Which lines in the records below contain the word "ezdxf"? Report each of them.

## Exercise material
==========
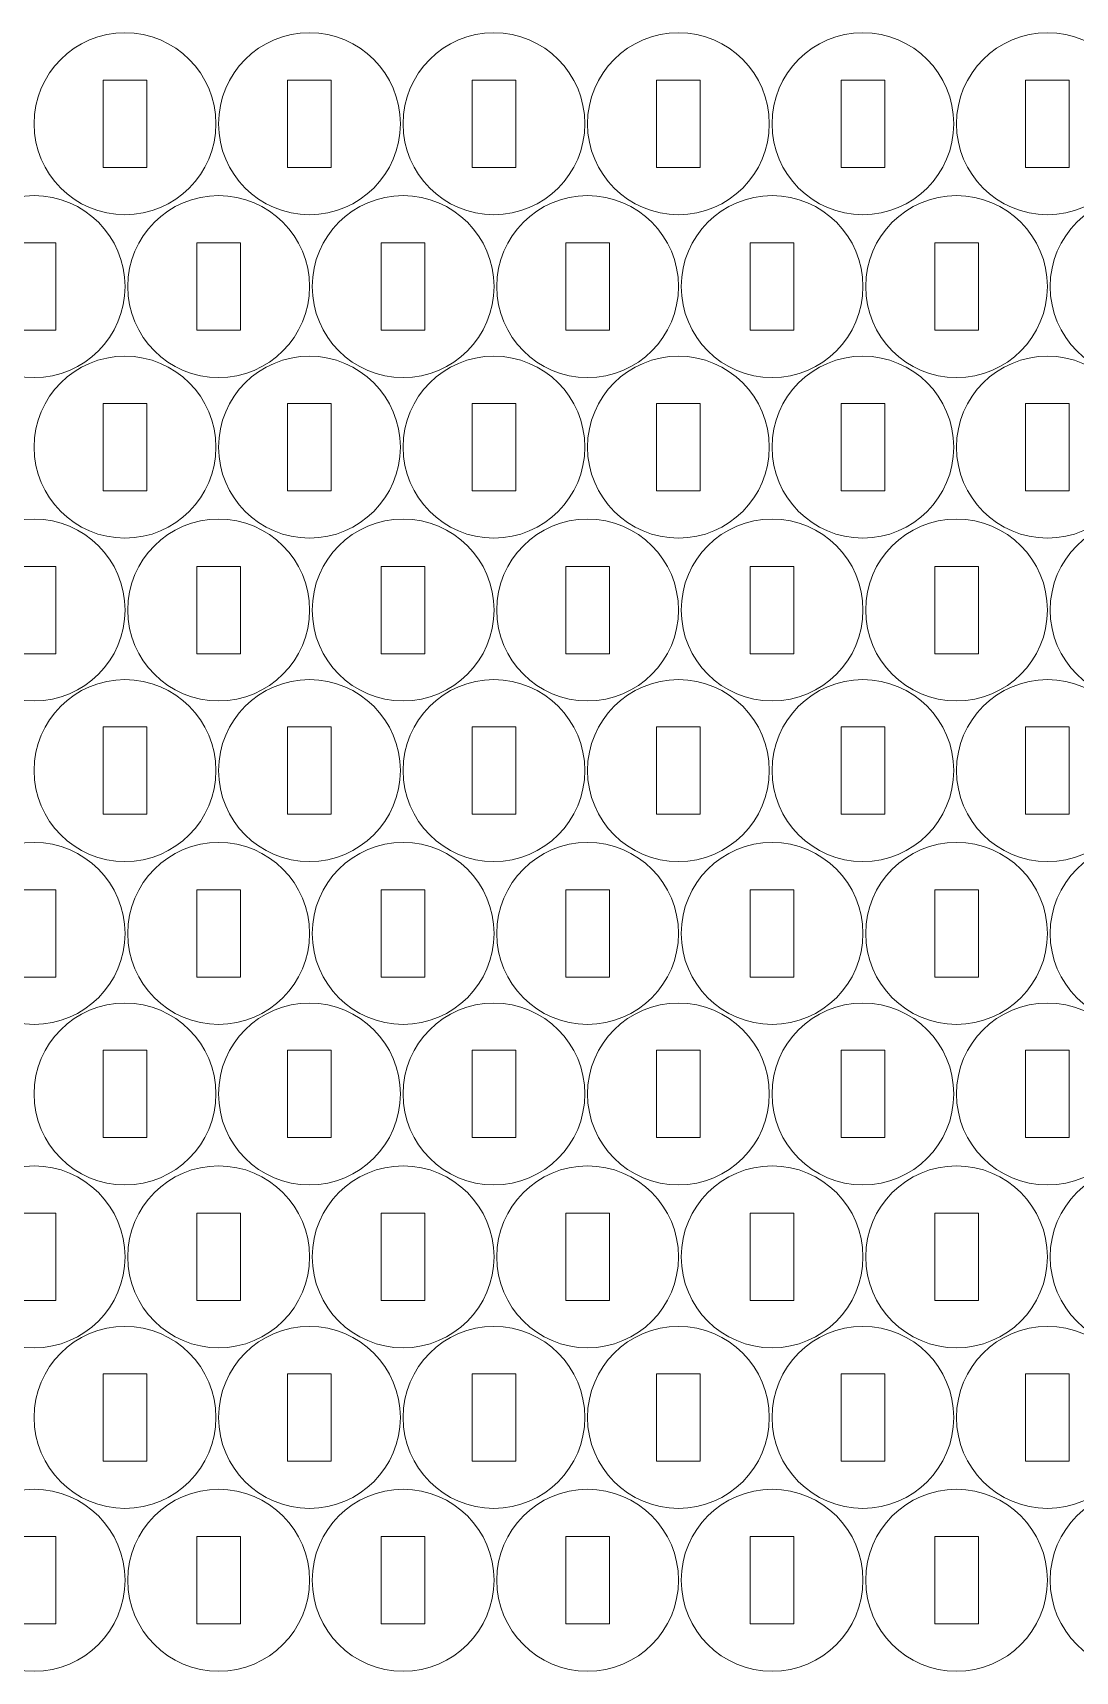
# Model space of a CAD drawing. Header units: millimetres. Extents: x -466 to 466, y -264 to 269.
# Drawn here: x 19.2 to 90.9, y -264.5 to -151.9 of the extents above; entities that cross this region are included whole.
import ezdxf

# ---------------------------------------------------------------- set-up
doc = ezdxf.new("R2010")
doc.units = ezdxf.units.MM
doc.header["$MEASUREMENT"] = 0
doc.layers.add('Camada 1', color=7, linetype='Continuous')

msp = doc.modelspace()

# ---------------------------------------------------------------- linework, layer by layer
at = {"layer": 'Camada 1', "lineweight": 20}
for points in [[(25.5564, -164.3964), (22.1046, -164.3964), (19.3064, -161.5982), (19.3064, -158.1464), (19.3064, -158.1464), (19.3064, -154.6946), (22.1046, -151.8964), (25.5564, -151.8964), (25.5564, -151.8964), (29.0082, -151.8964), (31.8064, -154.6946), (31.8064, -158.1464), (31.8064, -158.1464), (31.8064, -161.5982), (29.0082, -164.3964), (25.5564, -164.3964)], [(38.2416, -164.3964), (34.7898, -164.3964), (31.9916, -161.5982), (31.9916, -158.1464), (31.9916, -158.1464), (31.9916, -154.6946), (34.7898, -151.8964), (38.2416, -151.8964), (38.2416, -151.8964), (41.6934, -151.8964), (44.4916, -154.6946), (44.4916, -158.1464), (44.4916, -158.1464), (44.4916, -161.5982), (41.6934, -164.3964), (38.2416, -164.3964)], [(50.9268, -164.3964), (47.475, -164.3964), (44.6768, -161.5982), (44.6768, -158.1464), (44.6768, -158.1464), (44.6768, -154.6946), (47.475, -151.8964), (50.9268, -151.8964), (50.9268, -151.8964), (54.3786, -151.8964), (57.1768, -154.6946), (57.1768, -158.1464), (57.1768, -158.1464), (57.1768, -161.5982), (54.3786, -164.3964), (50.9268, -164.3964)], [(63.612, -164.3964), (60.1602, -164.3964), (57.362, -161.5982), (57.362, -158.1464), (57.362, -158.1464), (57.362, -154.6946), (60.1602, -151.8964), (63.612, -151.8964), (63.612, -151.8964), (67.0638, -151.8964), (69.862, -154.6946), (69.862, -158.1464), (69.862, -158.1464), (69.862, -161.5982), (67.0638, -164.3964), (63.612, -164.3964)], [(76.2972, -164.3964), (72.8454, -164.3964), (70.0472, -161.5982), (70.0472, -158.1464), (70.0472, -158.1464), (70.0472, -154.6946), (72.8454, -151.8964), (76.2972, -151.8964), (76.2972, -151.8964), (79.749, -151.8964), (82.5472, -154.6946), (82.5472, -158.1464), (82.5472, -158.1464), (82.5472, -161.5982), (79.749, -164.3964), (76.2972, -164.3964)], [(88.9824, -164.3964), (85.5306, -164.3964), (82.7324, -161.5982), (82.7324, -158.1464), (82.7324, -158.1464), (82.7324, -154.6946), (85.5306, -151.8964), (88.9824, -151.8964), (88.9824, -151.8964), (92.4342, -151.8964), (95.2324, -154.6946), (95.2324, -158.1464), (95.2324, -158.1464), (95.2324, -161.5982), (92.4342, -164.3964), (88.9824, -164.3964)], [(27.0564, -161.1464), (27.0564, -161.1464), (24.0564, -161.1464), (24.0564, -161.1464), (24.0564, -161.1464), (24.0564, -161.1464), (24.0564, -155.1464), (24.0564, -155.1464), (24.0564, -155.1464), (24.0564, -155.1464), (27.0564, -155.1464), (27.0564, -155.1464), (27.0564, -155.1464), (27.0564, -155.1464), (27.0564, -161.1464), (27.0564, -161.1464)], [(39.7416, -161.1464), (39.7416, -161.1464), (36.7416, -161.1464), (36.7416, -161.1464), (36.7416, -161.1464), (36.7416, -161.1464), (36.7416, -155.1464), (36.7416, -155.1464), (36.7416, -155.1464), (36.7416, -155.1464), (39.7416, -155.1464), (39.7416, -155.1464), (39.7416, -155.1464), (39.7416, -155.1464), (39.7416, -161.1464), (39.7416, -161.1464)], [(52.4268, -161.1464), (52.4268, -161.1464), (49.4268, -161.1464), (49.4268, -161.1464), (49.4268, -161.1464), (49.4268, -161.1464), (49.4268, -155.1464), (49.4268, -155.1464), (49.4268, -155.1464), (49.4268, -155.1464), (52.4268, -155.1464), (52.4268, -155.1464), (52.4268, -155.1464), (52.4268, -155.1464), (52.4268, -161.1464), (52.4268, -161.1464)], [(65.112, -161.1464), (65.112, -161.1464), (62.112, -161.1464), (62.112, -161.1464), (62.112, -161.1464), (62.112, -161.1464), (62.112, -155.1464), (62.112, -155.1464), (62.112, -155.1464), (62.112, -155.1464), (65.112, -155.1464), (65.112, -155.1464), (65.112, -155.1464), (65.112, -155.1464), (65.112, -161.1464), (65.112, -161.1464)], [(77.7972, -161.1464), (77.7972, -161.1464), (74.7972, -161.1464), (74.7972, -161.1464), (74.7972, -161.1464), (74.7972, -161.1464), (74.7972, -155.1464), (74.7972, -155.1464), (74.7972, -155.1464), (74.7972, -155.1464), (77.7972, -155.1464), (77.7972, -155.1464), (77.7972, -155.1464), (77.7972, -155.1464), (77.7972, -161.1464), (77.7972, -161.1464)], [(90.4824, -161.1464), (90.4824, -161.1464), (87.4824, -161.1464), (87.4824, -161.1464), (87.4824, -161.1464), (87.4824, -161.1464), (87.4824, -155.1464), (87.4824, -155.1464), (87.4824, -155.1464), (87.4824, -155.1464), (90.4824, -155.1464), (90.4824, -155.1464), (90.4824, -155.1464), (90.4824, -155.1464), (90.4824, -161.1464), (90.4824, -161.1464)], [(19.3122, -175.5884), (15.8604, -175.5884), (13.0622, -172.7902), (13.0622, -169.3384), (13.0622, -169.3384), (13.0622, -165.8866), (15.8604, -163.0884), (19.3122, -163.0884), (19.3122, -163.0884), (22.764, -163.0884), (25.5622, -165.8866), (25.5622, -169.3384), (25.5622, -169.3384), (25.5622, -172.7902), (22.764, -175.5884), (19.3122, -175.5884)], [(31.9974, -175.5884), (28.5456, -175.5884), (25.7474, -172.7902), (25.7474, -169.3384), (25.7474, -169.3384), (25.7474, -165.8866), (28.5456, -163.0884), (31.9974, -163.0884), (31.9974, -163.0884), (35.4492, -163.0884), (38.2474, -165.8866), (38.2474, -169.3384), (38.2474, -169.3384), (38.2474, -172.7902), (35.4492, -175.5884), (31.9974, -175.5884)], [(44.6826, -175.5884), (41.2308, -175.5884), (38.4326, -172.7902), (38.4326, -169.3384), (38.4326, -169.3384), (38.4326, -165.8866), (41.2308, -163.0884), (44.6826, -163.0884), (44.6826, -163.0884), (48.1344, -163.0884), (50.9326, -165.8866), (50.9326, -169.3384), (50.9326, -169.3384), (50.9326, -172.7902), (48.1344, -175.5884), (44.6826, -175.5884)], [(57.3678, -175.5884), (53.916, -175.5884), (51.1178, -172.7902), (51.1178, -169.3384), (51.1178, -169.3384), (51.1178, -165.8866), (53.916, -163.0884), (57.3678, -163.0884), (57.3678, -163.0884), (60.8196, -163.0884), (63.6178, -165.8866), (63.6178, -169.3384), (63.6178, -169.3384), (63.6178, -172.7902), (60.8196, -175.5884), (57.3678, -175.5884)], [(70.053, -175.5884), (66.6012, -175.5884), (63.803, -172.7902), (63.803, -169.3384), (63.803, -169.3384), (63.803, -165.8866), (66.6012, -163.0884), (70.053, -163.0884), (70.053, -163.0884), (73.5048, -163.0884), (76.303, -165.8866), (76.303, -169.3384), (76.303, -169.3384), (76.303, -172.7902), (73.5048, -175.5884), (70.053, -175.5884)], [(82.7382, -175.5884), (79.2864, -175.5884), (76.4882, -172.7902), (76.4882, -169.3384), (76.4882, -169.3384), (76.4882, -165.8866), (79.2864, -163.0884), (82.7382, -163.0884), (82.7382, -163.0884), (86.19, -163.0884), (88.9882, -165.8866), (88.9882, -169.3384), (88.9882, -169.3384), (88.9882, -172.7902), (86.19, -175.5884), (82.7382, -175.5884)], [(95.4234, -175.5884), (91.9716, -175.5884), (89.1734, -172.7902), (89.1734, -169.3384), (89.1734, -169.3384), (89.1734, -165.8866), (91.9716, -163.0884), (95.4234, -163.0884), (95.4234, -163.0884), (98.8752, -163.0884), (101.6734, -165.8866), (101.6734, -169.3384), (101.6734, -169.3384), (101.6734, -172.7902), (98.8752, -175.5884), (95.4234, -175.5884)], [(20.8122, -172.3384), (20.8122, -172.3384), (17.8122, -172.3384), (17.8122, -172.3384), (17.8122, -172.3384), (17.8122, -172.3384), (17.8122, -166.3384), (17.8122, -166.3384), (17.8122, -166.3384), (17.8122, -166.3384), (20.8122, -166.3384), (20.8122, -166.3384), (20.8122, -166.3384), (20.8122, -166.3384), (20.8122, -172.3384), (20.8122, -172.3384)], [(33.4974, -172.3384), (33.4974, -172.3384), (30.4974, -172.3384), (30.4974, -172.3384), (30.4974, -172.3384), (30.4974, -172.3384), (30.4974, -166.3384), (30.4974, -166.3384), (30.4974, -166.3384), (30.4974, -166.3384), (33.4974, -166.3384), (33.4974, -166.3384), (33.4974, -166.3384), (33.4974, -166.3384), (33.4974, -172.3384), (33.4974, -172.3384)], [(46.1826, -172.3384), (46.1826, -172.3384), (43.1826, -172.3384), (43.1826, -172.3384), (43.1826, -172.3384), (43.1826, -172.3384), (43.1826, -166.3384), (43.1826, -166.3384), (43.1826, -166.3384), (43.1826, -166.3384), (46.1826, -166.3384), (46.1826, -166.3384), (46.1826, -166.3384), (46.1826, -166.3384), (46.1826, -172.3384), (46.1826, -172.3384)], [(58.8678, -172.3384), (58.8678, -172.3384), (55.8678, -172.3384), (55.8678, -172.3384), (55.8678, -172.3384), (55.8678, -172.3384), (55.8678, -166.3384), (55.8678, -166.3384), (55.8678, -166.3384), (55.8678, -166.3384), (58.8678, -166.3384), (58.8678, -166.3384), (58.8678, -166.3384), (58.8678, -166.3384), (58.8678, -172.3384), (58.8678, -172.3384)], [(71.553, -172.3384), (71.553, -172.3384), (68.553, -172.3384), (68.553, -172.3384), (68.553, -172.3384), (68.553, -172.3384), (68.553, -166.3384), (68.553, -166.3384), (68.553, -166.3384), (68.553, -166.3384), (71.553, -166.3384), (71.553, -166.3384), (71.553, -166.3384), (71.553, -166.3384), (71.553, -172.3384), (71.553, -172.3384)], [(84.2382, -172.3384), (84.2382, -172.3384), (81.2382, -172.3384), (81.2382, -172.3384), (81.2382, -172.3384), (81.2382, -172.3384), (81.2382, -166.3384), (81.2382, -166.3384), (81.2382, -166.3384), (81.2382, -166.3384), (84.2382, -166.3384), (84.2382, -166.3384), (84.2382, -166.3384), (84.2382, -166.3384), (84.2382, -172.3384), (84.2382, -172.3384)], [(25.5564, -186.6215), (22.1046, -186.6215), (19.3064, -183.8233), (19.3064, -180.3715), (19.3064, -180.3715), (19.3064, -176.9197), (22.1046, -174.1215), (25.5564, -174.1215), (25.5564, -174.1215), (29.0082, -174.1215), (31.8064, -176.9197), (31.8064, -180.3715), (31.8064, -180.3715), (31.8064, -183.8233), (29.0082, -186.6215), (25.5564, -186.6215)], [(38.2416, -186.6215), (34.7898, -186.6215), (31.9916, -183.8233), (31.9916, -180.3715), (31.9916, -180.3715), (31.9916, -176.9197), (34.7898, -174.1215), (38.2416, -174.1215), (38.2416, -174.1215), (41.6934, -174.1215), (44.4916, -176.9197), (44.4916, -180.3715), (44.4916, -180.3715), (44.4916, -183.8233), (41.6934, -186.6215), (38.2416, -186.6215)], [(50.9268, -186.6215), (47.475, -186.6215), (44.6768, -183.8233), (44.6768, -180.3715), (44.6768, -180.3715), (44.6768, -176.9197), (47.475, -174.1215), (50.9268, -174.1215), (50.9268, -174.1215), (54.3786, -174.1215), (57.1768, -176.9197), (57.1768, -180.3715), (57.1768, -180.3715), (57.1768, -183.8233), (54.3786, -186.6215), (50.9268, -186.6215)], [(63.612, -186.6215), (60.1602, -186.6215), (57.362, -183.8233), (57.362, -180.3715), (57.362, -180.3715), (57.362, -176.9197), (60.1602, -174.1215), (63.612, -174.1215), (63.612, -174.1215), (67.0638, -174.1215), (69.862, -176.9197), (69.862, -180.3715), (69.862, -180.3715), (69.862, -183.8233), (67.0638, -186.6215), (63.612, -186.6215)], [(76.2972, -186.6215), (72.8454, -186.6215), (70.0472, -183.8233), (70.0472, -180.3715), (70.0472, -180.3715), (70.0472, -176.9197), (72.8454, -174.1215), (76.2972, -174.1215), (76.2972, -174.1215), (79.749, -174.1215), (82.5472, -176.9197), (82.5472, -180.3715), (82.5472, -180.3715), (82.5472, -183.8233), (79.749, -186.6215), (76.2972, -186.6215)], [(88.9824, -186.6215), (85.5306, -186.6215), (82.7324, -183.8233), (82.7324, -180.3715), (82.7324, -180.3715), (82.7324, -176.9197), (85.5306, -174.1215), (88.9824, -174.1215), (88.9824, -174.1215), (92.4342, -174.1215), (95.2324, -176.9197), (95.2324, -180.3715), (95.2324, -180.3715), (95.2324, -183.8233), (92.4342, -186.6215), (88.9824, -186.6215)], [(27.0564, -183.3715), (27.0564, -183.3715), (24.0564, -183.3715), (24.0564, -183.3715), (24.0564, -183.3715), (24.0564, -183.3715), (24.0564, -177.3715), (24.0564, -177.3715), (24.0564, -177.3715), (24.0564, -177.3715), (27.0564, -177.3715), (27.0564, -177.3715), (27.0564, -177.3715), (27.0564, -177.3715), (27.0564, -183.3715), (27.0564, -183.3715)], [(39.7416, -183.3715), (39.7416, -183.3715), (36.7416, -183.3715), (36.7416, -183.3715), (36.7416, -183.3715), (36.7416, -183.3715), (36.7416, -177.3715), (36.7416, -177.3715), (36.7416, -177.3715), (36.7416, -177.3715), (39.7416, -177.3715), (39.7416, -177.3715), (39.7416, -177.3715), (39.7416, -177.3715), (39.7416, -183.3715), (39.7416, -183.3715)], [(52.4268, -183.3715), (52.4268, -183.3715), (49.4268, -183.3715), (49.4268, -183.3715), (49.4268, -183.3715), (49.4268, -183.3715), (49.4268, -177.3715), (49.4268, -177.3715), (49.4268, -177.3715), (49.4268, -177.3715), (52.4268, -177.3715), (52.4268, -177.3715), (52.4268, -177.3715), (52.4268, -177.3715), (52.4268, -183.3715), (52.4268, -183.3715)], [(65.112, -183.3715), (65.112, -183.3715), (62.112, -183.3715), (62.112, -183.3715), (62.112, -183.3715), (62.112, -183.3715), (62.112, -177.3715), (62.112, -177.3715), (62.112, -177.3715), (62.112, -177.3715), (65.112, -177.3715), (65.112, -177.3715), (65.112, -177.3715), (65.112, -177.3715), (65.112, -183.3715), (65.112, -183.3715)], [(77.7972, -183.3715), (77.7972, -183.3715), (74.7972, -183.3715), (74.7972, -183.3715), (74.7972, -183.3715), (74.7972, -183.3715), (74.7972, -177.3715), (74.7972, -177.3715), (74.7972, -177.3715), (74.7972, -177.3715), (77.7972, -177.3715), (77.7972, -177.3715), (77.7972, -177.3715), (77.7972, -177.3715), (77.7972, -183.3715), (77.7972, -183.3715)], [(90.4824, -183.3715), (90.4824, -183.3715), (87.4824, -183.3715), (87.4824, -183.3715), (87.4824, -183.3715), (87.4824, -183.3715), (87.4824, -177.3715), (87.4824, -177.3715), (87.4824, -177.3715), (87.4824, -177.3715), (90.4824, -177.3715), (90.4824, -177.3715), (90.4824, -177.3715), (90.4824, -177.3715), (90.4824, -183.3715), (90.4824, -183.3715)], [(19.3122, -197.8135), (15.8604, -197.8135), (13.0622, -195.0153), (13.0622, -191.5635), (13.0622, -191.5635), (13.0622, -188.1117), (15.8604, -185.3135), (19.3122, -185.3135), (19.3122, -185.3135), (22.764, -185.3135), (25.5622, -188.1117), (25.5622, -191.5635), (25.5622, -191.5635), (25.5622, -195.0153), (22.764, -197.8135), (19.3122, -197.8135)], [(31.9974, -197.8135), (28.5456, -197.8135), (25.7474, -195.0153), (25.7474, -191.5635), (25.7474, -191.5635), (25.7474, -188.1117), (28.5456, -185.3135), (31.9974, -185.3135), (31.9974, -185.3135), (35.4492, -185.3135), (38.2474, -188.1117), (38.2474, -191.5635), (38.2474, -191.5635), (38.2474, -195.0153), (35.4492, -197.8135), (31.9974, -197.8135)], [(44.6826, -197.8135), (41.2308, -197.8135), (38.4326, -195.0153), (38.4326, -191.5635), (38.4326, -191.5635), (38.4326, -188.1117), (41.2308, -185.3135), (44.6826, -185.3135), (44.6826, -185.3135), (48.1344, -185.3135), (50.9326, -188.1117), (50.9326, -191.5635), (50.9326, -191.5635), (50.9326, -195.0153), (48.1344, -197.8135), (44.6826, -197.8135)], [(57.3678, -197.8135), (53.916, -197.8135), (51.1178, -195.0153), (51.1178, -191.5635), (51.1178, -191.5635), (51.1178, -188.1117), (53.916, -185.3135), (57.3678, -185.3135), (57.3678, -185.3135), (60.8196, -185.3135), (63.6178, -188.1117), (63.6178, -191.5635), (63.6178, -191.5635), (63.6178, -195.0153), (60.8196, -197.8135), (57.3678, -197.8135)], [(70.053, -197.8135), (66.6012, -197.8135), (63.803, -195.0153), (63.803, -191.5635), (63.803, -191.5635), (63.803, -188.1117), (66.6012, -185.3135), (70.053, -185.3135), (70.053, -185.3135), (73.5048, -185.3135), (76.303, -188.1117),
==========
## Answer space
import ezdxf
doc = ezdxf.new("R2010")
doc.units = ezdxf.units.MM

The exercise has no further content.